Doch was hat Ex-BVT-Chef Polli damit zu tun? Die Anzeiger behaupten, dass sie deshalb Pollis türkischer Frau vertrauten, weil Polli diese „als kompetente und vertrauenswürdige Geschäftsfrau“ anpries. Außerdem soll sich Polli „stets als Berater der Republik Österreich vorgestellt und eine Visitenkarte des Innenministeriums übergeben haben“. Dem KURIER liegt diese Visitenkarte vor, auf der sich Polli als „Senior Security Adviser“ („Leitender Sicherheitsberater“) des BMI bezeichnet. Das Innenministerium bestätigt am Dienstag auf Anfrage des KURIER: „Herrn Dr. Polli wurde 2008 im Rahmen eines Werksvertrags die Bezeichnung ,Senior Security Advisors‘ zuerkannt”.

Alles nicht wahr

„Das ist eine reine Anpatzaktion. An der Anzeige ist nichts dran und aus ihr geht auch kein Verdacht gegen Herrn Polli hervor“, sagt sein Anwalt Stefan Prochaska im Gespräch mit dem KURIER. „Der Vorwurf, Herr Polli habe seine damalige Frau als anständigen Menschen bezeichnet, kann keine strafrechtliche Verantwortung nach sich ziehen.“

Polli will sich mit Klagen wegen Rufschädigung wehren. Es sei sein Fehler gewesen, räumt er ein, einen der Anzeiger mit seiner Frau bekanntgemacht zu haben. „Ich bin aber nie in die operativen Geschäfte meiner geschiedenen Frau eingebunden gewesen“, sagt der Ex-BVT-Chef. „Die Geschädigte ist eigentlich meine Ex-Frau, sie hat 600.000 Euro ausgelegt und wurde nicht bezahlt.“

BVT-Ausschuss am Dienstag

Auch Andreas Wieselthaler, Leiter des Bundesamts für Korruptionsbekämpfung (BAK), bestätige, dass er vom Ermittlungsverfahren gegen Polli wisse. Seine Behörde wäre eigentlich für die Causa


BVT
zuständig gewesen, wurde aber übergangen. Er sagte auch, dass seine Behörde bei staatlichen Stellen ausschließlich im Wege der Amtshilfe Durchsuchungen durchführe. Man wende stets die gelindesten Mittel an. Er bestätigte, dass einer seiner Mitarbeiter direkt vom Kabinett Kickls kontaktiert wurde, ob er sich der Staatsanwaltschaft als Ermittler zur Verfügung stelle. Das sei zuvor noch nie vorgekommen.
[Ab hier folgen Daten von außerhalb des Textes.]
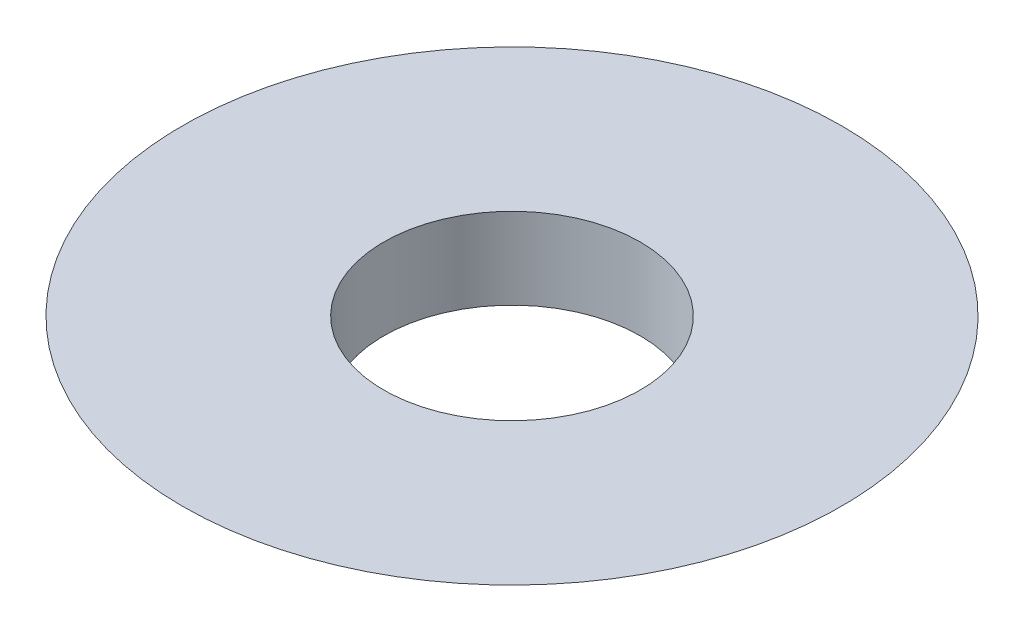
SolidWorks part; units mm, degrees
ref_plane "Front Plane" through (0, 0, 0) normal (0, 0, 1) x (1, 0, 0)
ref_plane "Top Plane" through (0, 0, 0) normal (0, 1, 0) x (1, 0, 0)
ref_plane "Right Plane" through (0, 0, 0) normal (1, 0, 0) x (0, 0, -1)
sketch "Sketch1" plane through (0, 0, 0) normal (0, 0, 1) x (1, 0, 0)
  line L0 (0, 0) -> (0, 50.2347) construction
  line L2 (16.51, 0) -> (42.4155, 10.4665)
  line L3 (42.4155, 10.4665) -> (16.51, 10.4665)
  line L4 (16.51, 10.4665) -> (16.51, 0)
  point P4 (42.4155, 9.9664)
  point P7 (0, 0)
  dimension "D1" = 33.02
  dimension "D2" = 68
  dimension "D3" = 27.94
revolve "Revolve1" add sketch "Sketch1" angle 360 about L0
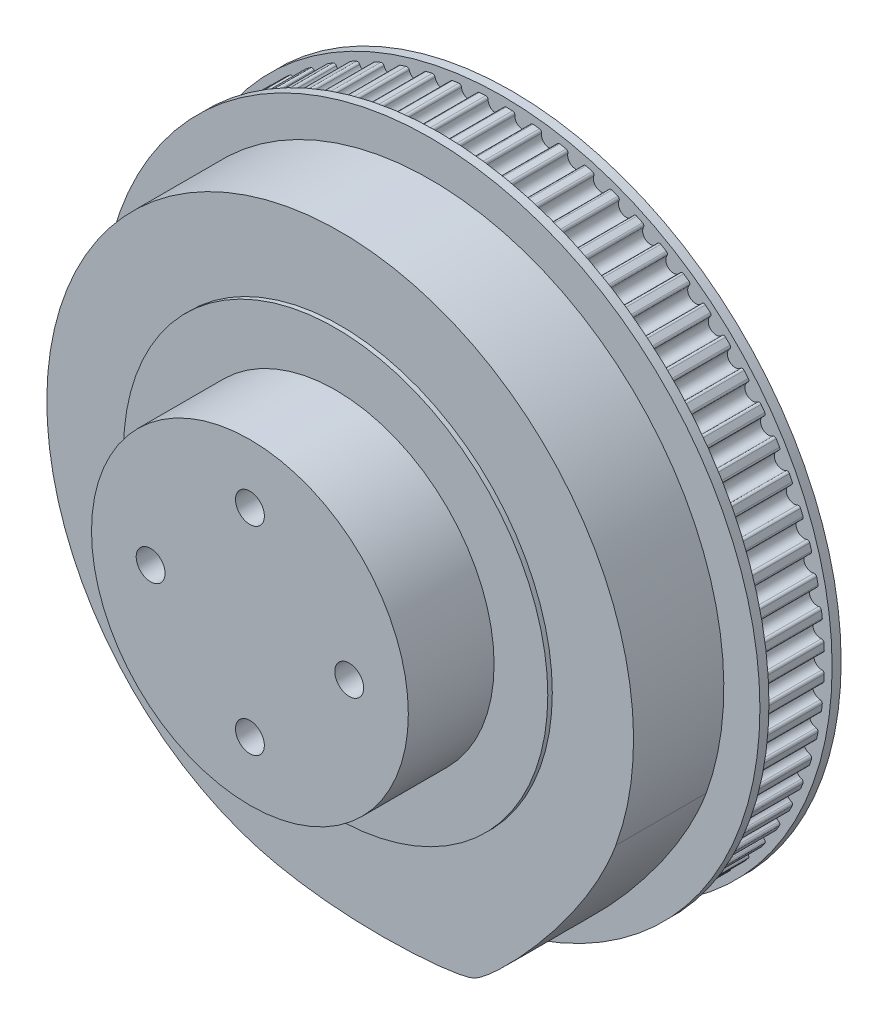
SolidWorks part; units mm, degrees
ref_plane "Front Plane" through (0, 0, 0) normal (1, 0, 0) x (0, 1, 0)
ref_plane "Top Plane" through (0, 0, 0) normal (0, 0, 1) x (0, 1, 0)
ref_plane "Right Plane" through (0, 0, 0) normal (0, 1, 0) x (-1, 0, 0)
sketch "Sketch1" plane through (0, 0, 0) normal (0, 0, 1) x (0, 1, 0)
  line L0 (0, 0) -> (0, 35.6449)
  line L1 (0, 0) -> (2.9827, 35.5199)
  line L2 (0, 0) -> (1.4801, 35.3139) construction
  arc A0 (0.6729, 35.6385) -> (2.3116, 35.5698) centre (1.4801, 35.3139) ccw
  arc A1 (0, 35.6449) -> (0.6729, 35.6385) centre (0, 0) cw
  arc A2 (2.3116, 35.5698) -> (2.9827, 35.5199) centre (0, 0) cw
  dimension "D6" = 1.74
  dimension "D1" = 35.6449
  dimension "D2" = 4.8
  dimension "D3" = 35.6449
  dimension "D4" = 35.3449
  dimension "D5" = 2.4
extrude "Boss-Extrude1" add sketch "Sketch1" along normal blind 7 contours L2 L1 A2 A0 | L0 L2 A0 A1 region at (-23.3406, 1.48, 0) region at (-23.3826, 0.4783, 0)
fillet "Fillet1" radius 0.26 2 edges at (-35.5698, 2.3116, 3.5) (-35.6385, 0.6729, 3.5)
pattern_circular "CirPattern1" count 75 over 360 about axis through (0, 0, 7) along (0, 0, -1) of "Boss-Extrude1", "Fillet1" reverse direction yes
sketch "Sketch2" plane through (0, 0, 0) normal (0, 0, -1) x (1, 0, 0)
  circle A0 centre (0, 0) radius 36.5
  dimension "D1" = 73
extrude "Boss-Extrude2" add sketch "Sketch2" along normal blind 1
extrude "Boss-Extrude3" add sketch "Sketch2<2>" against normal blind 1 from surface starting at face at (0, 0, 7)
sketch "Sketch2<2>" plane through (0, 0, 0) normal (0, 0, -1) x (1, 0, 0) same geometry as "Sketch2"
sketch "Sketch3" plane through (0, 0, 8) normal (0, 0, 1) x (1, 0, 0)
  line L0 (0, 0) -> (-11.9707, -32.8892) construction
  line L1 (0, 0) -> (32.8892, -11.9707) construction
  line L2 (0, 0) -> (14.7916, -31.7208) construction
  line L3 (0, 0) -> (0, 36.5) construction
  line L4 (16.5881, -30.8831) -> (12.9952, -32.5585) construction
  line L5 (-3.2222, -33.413) -> (-19.0091, -27.667) construction
  line L6 (33.413, -3.2222) -> (27.667, -19.0091) construction
  circle A0 centre (0, 0) radius 17.55
  circle A1 centre (0, 0) radius 23.5
  circle A2 centre (0, 0) radius 32.5
  circle A3 centre (0, 0) radius 35 construction
  circle A4 centre (0, 0) radius 36.5 construction
  spline S0 degree 3 poles (-11.1157, -30.54) (-2.6584, -33.6182) (12.6621, -32.7658) (16.961, -30.7612) (27.4618, -19.5729) (30.54, -11.1157) knots 0 0 0 0 0.45 0.55 1 1 1 1
  dimension "D1" = 35.1
  dimension "D2" = 47
  dimension "D3" = 65
  dimension "D4" = 70
  dimension "D5" = 20
  dimension "D6" = 30
  dimension "D7" = 30
  dimension "D8" = 205
  dimension "D9" = 45
  dimension "D10" = 45
extrude "Boss-Extrude4" add sketch "Sketch3" along normal blind 10 contours A2 S0 | A2 A1 | A1 A0 | A0 region at (0, 0, 8) region at (-22.8353, 0, 8) region at (31.101, -5.4839, 8) region at (13.8581, -29.7301, 8)
extrude "Boss-Extrude5" add sketch "Sketch3<3>" along normal blind 0.5 from surface contours A1 A0 | A0 region at (0, 0, 8) region at (-22.8353, 0, 8) starting at face at (-12.4254, -0.5425, 18)
sketch "Sketch3<3>" plane through (0, 0, 8) normal (0, 0, 1) x (1, 0, 0) same geometry as "Sketch3"
extrude "Boss-Extrude6" add sketch "Sketch3<4>" along normal blind 9.5 from surface contours A0 region at (0, 0, 8) starting at face at (23.5, 0, 18.5)
sketch "Sketch3<4>" plane through (0, 0, 8) normal (0, 0, 1) x (1, 0, 0) same geometry as "Sketch3"
sketch "Sketch4" plane through (0, 0, -1) normal (0, 0, -1) x (1, 0, 0)
  line L0 (13.75, 2.75) -> (13.75, -2.75)
  line L1 (-2.75, 13.75) -> (2.75, 13.75)
  line L2 (-2.75, 13.75) -> (-2.75, 8.25)
  line L3 (-2.75, 8.25) -> (2.75, 8.25)
  line L4 (2.75, 13.75) -> (2.75, 8.25)
  line L5 (-2.75, 13.75) -> (2.75, 8.25) construction
  line L6 (-2.75, 8.25) -> (2.75, 13.75) construction
  line L7 (13.75, 2.75) -> (8.25, 2.75)
  line L8 (8.25, 2.75) -> (8.25, -2.75)
  line L9 (13.75, -2.75) -> (8.25, -2.75)
  line L10 (13.75, 2.75) -> (8.25, -2.75) construction
  line L11 (8.25, 2.75) -> (13.75, -2.75) construction
  line L12 (2.75, -13.75) -> (-2.75, -13.75)
  line L13 (2.75, -13.75) -> (2.75, -8.25)
  line L14 (2.75, -8.25) -> (-2.75, -8.25)
  line L15 (-2.75, -13.75) -> (-2.75, -8.25)
  line L16 (2.75, -13.75) -> (-2.75, -8.25) construction
  line L17 (2.75, -8.25) -> (-2.75, -13.75) construction
  line L18 (-13.75, -2.75) -> (-13.75, 2.75)
  line L19 (-13.75, -2.75) -> (-8.25, -2.75)
  line L20 (-8.25, -2.75) -> (-8.25, 2.75)
  line L21 (-13.75, 2.75) -> (-8.25, 2.75)
  line L22 (-13.75, -2.75) -> (-8.25, 2.75) construction
  line L23 (-8.25, -2.75) -> (-13.75, 2.75) construction
  circle A0 centre (0, 0) radius 11 construction
  circle A1 centre (0, 11) radius 1.6
  circle A2 centre (11, 0) radius 1.6
  circle A3 centre (0, -11) radius 1.6
  circle A4 centre (-11, 0) radius 1.6
  point P3 (0, 11)
  point P13 (11, 0)
  point P20 (0, -11)
  point P27 (-11, 0)
  point P34 (0, 0)
  dimension "D1" = 22
  dimension "D4" = 3.2
  dimension "D2" = 5.5
  dimension "D3" = 5.5
  dimension "D5" = 4
extrude "Cut-Extrude1" cut sketch "Sketch4" against normal blind 7
extrude "Cut-Extrude2" cut sketch "Sketch4<2>" against normal through all contours A2 | A3 | A4 | A1 region at (0, -11, -1) region at (11, 0, -1) region at (0, 11, -1) region at (-11, 0, -1)
sketch "Sketch4<2>" plane through (0, 0, -1) normal (0, 0, -1) x (1, 0, 0) same geometry as "Sketch4"
sketch "Sketch5" plane through (0, 0, -1) normal (0, 0, -1) x (1, 0, 0)
  line L0 (0, -28.8453) -> (0, -32.8453) construction
  line L1 (0.9907, -28.8453) -> (-0.9907, -28.8453) construction
  line L2 (0.9907, -28.8453) -> (0.9907, -18.176)
  line L3 (0.9907, -18.176) -> (-0.9907, -18.176)
  line L4 (-0.9907, -28.8453) -> (-0.9907, -18.176)
  line L5 (0.9907, -28.8453) -> (-0.9907, -18.176) construction
  line L6 (0.9907, -18.176) -> (-0.9907, -28.8453) construction
  line L7 (0, -32.8453) -> (4, -28.8453)
  line L8 (0, -32.8453) -> (-4, -28.8453)
  line L9 (4, -28.8453) -> (0.9907, -28.8453)
  line L10 (-4, -28.8453) -> (-0.9907, -28.8453)
  point P0 (0, -23.5106)
  dimension "D1" = 45
  dimension "D2" = 4
extrude "Cut-Extrude3" cut sketch "Sketch5" against normal blind 0.2
equation "\"D8@Sketch3\"=180+25"
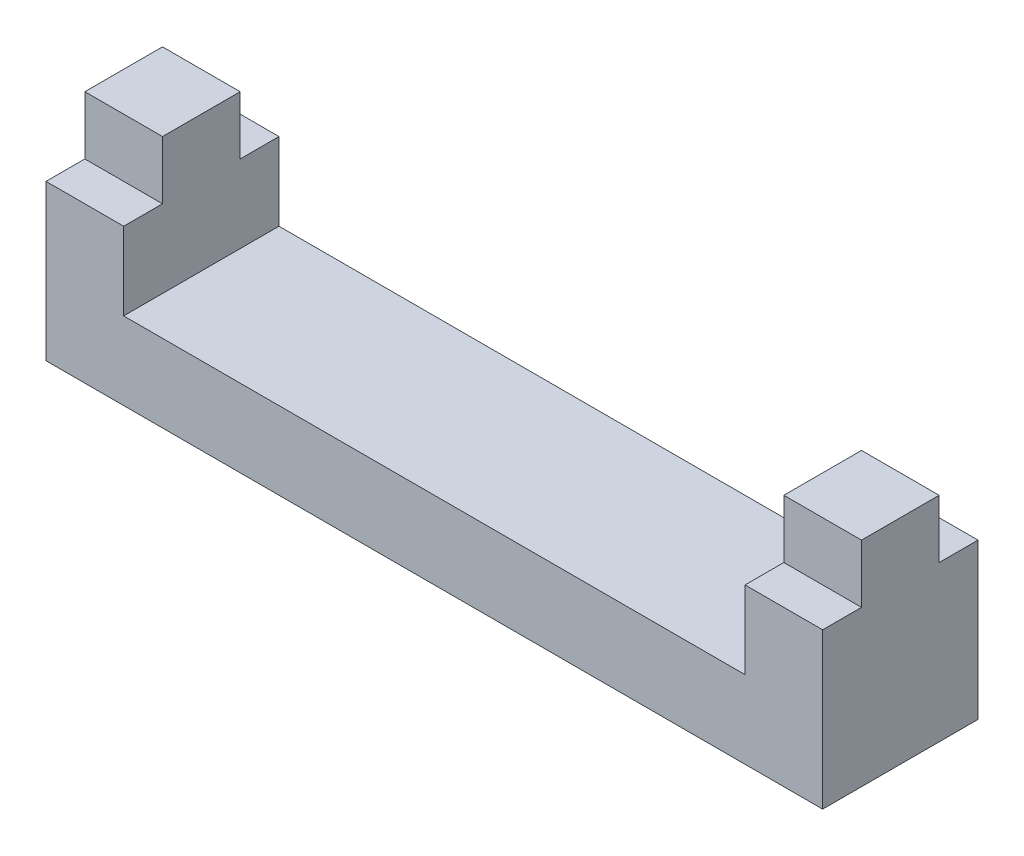
SolidWorks part; units mm, degrees
ref_plane "Front Plane" through (0, 0, 0) normal (0, 0, 1) x (1, 0, 0)
ref_plane "Top Plane" through (0, 0, 0) normal (0, 1, 0) x (1, 0, 0)
ref_plane "Right Plane" through (0, 0, 0) normal (1, 0, 0) x (0, 0, -1)
sketch "Sketch1" plane through (0, 0, 0) normal (0, 0, 1) x (1, 0, 0)
  line L0 (2, 2) -> (18, 2)
  line L1 (0, 0) -> (20, 0)
  line L7 (20, 5.5) -> (18, 5.5)
  line L8 (18, 2) -> (18, 5.5)
  line L11 (0, 5.5) -> (2, 5.5)
  line L12 (2, 2) -> (2, 5.5)
  line L13 (0, 5.5) -> (0, 0)
  line L14 (20, 0) -> (20, 5.5)
  dimension "D1" = 16
  dimension "D2" = 20
  dimension "D3" = 2
  dimension "D4" = 5.5
extrude "Boss-Extrude1" add sketch "Sketch1" along normal blind 2 and the other way blind 2
sketch "Sketch2" plane through (0, 0, 0) normal (-1, 0, 0) x (0, 0, 1)
  line L0 (0, 0) -> (0, 5.5) construction
  line L1 (-2, 5.5) -> (-1, 5.5)
  line L2 (-2, 5.5) -> (-2, 4)
  line L3 (-2, 4) -> (-1, 4)
  line L4 (-1, 5.5) -> (-1, 4)
  line L5 (-2, 5.5) -> (2, 5.5) construction
  dimension "D1" = 1.5
  dimension "D2" = 1
extrude "Cut-Extrude1" cut sketch "Sketch2" against normal through all both and the other way through all
mirror "Mirror1" about plane through (0, 0, 0) normal (0, 0, 1) of "Cut-Extrude1"

Denn das BAK-Gesetz sieht vor, dass Aufträge und Weisungen an die BAK-Direktion erfolgen und das ausschließlich in schriftlicher Form.

„Wir haben diese direkte Einflussnahme erstmals erlebt“, sagt der BAK-Chef.  Auch sollte der BAK-Mitarbeiter seine Vorgesetzten über diesen Direktkontakt nicht informieren. Sein Vizechef gab daraufhin die Weisung aus, dass diese Kontaktaufnahmen des Kabinett zu melden sind. Doch die Order musste auf Weisung von Kickls Generalsekretär Peter Goldgruber später zurückgenommen werden.

Die BAK-Direktion habe ihre Mitarbeiter gefragt, ob sie am Fall BVT arbeiten wollen. Laut Wieselthaler habe sich keine gemeldet.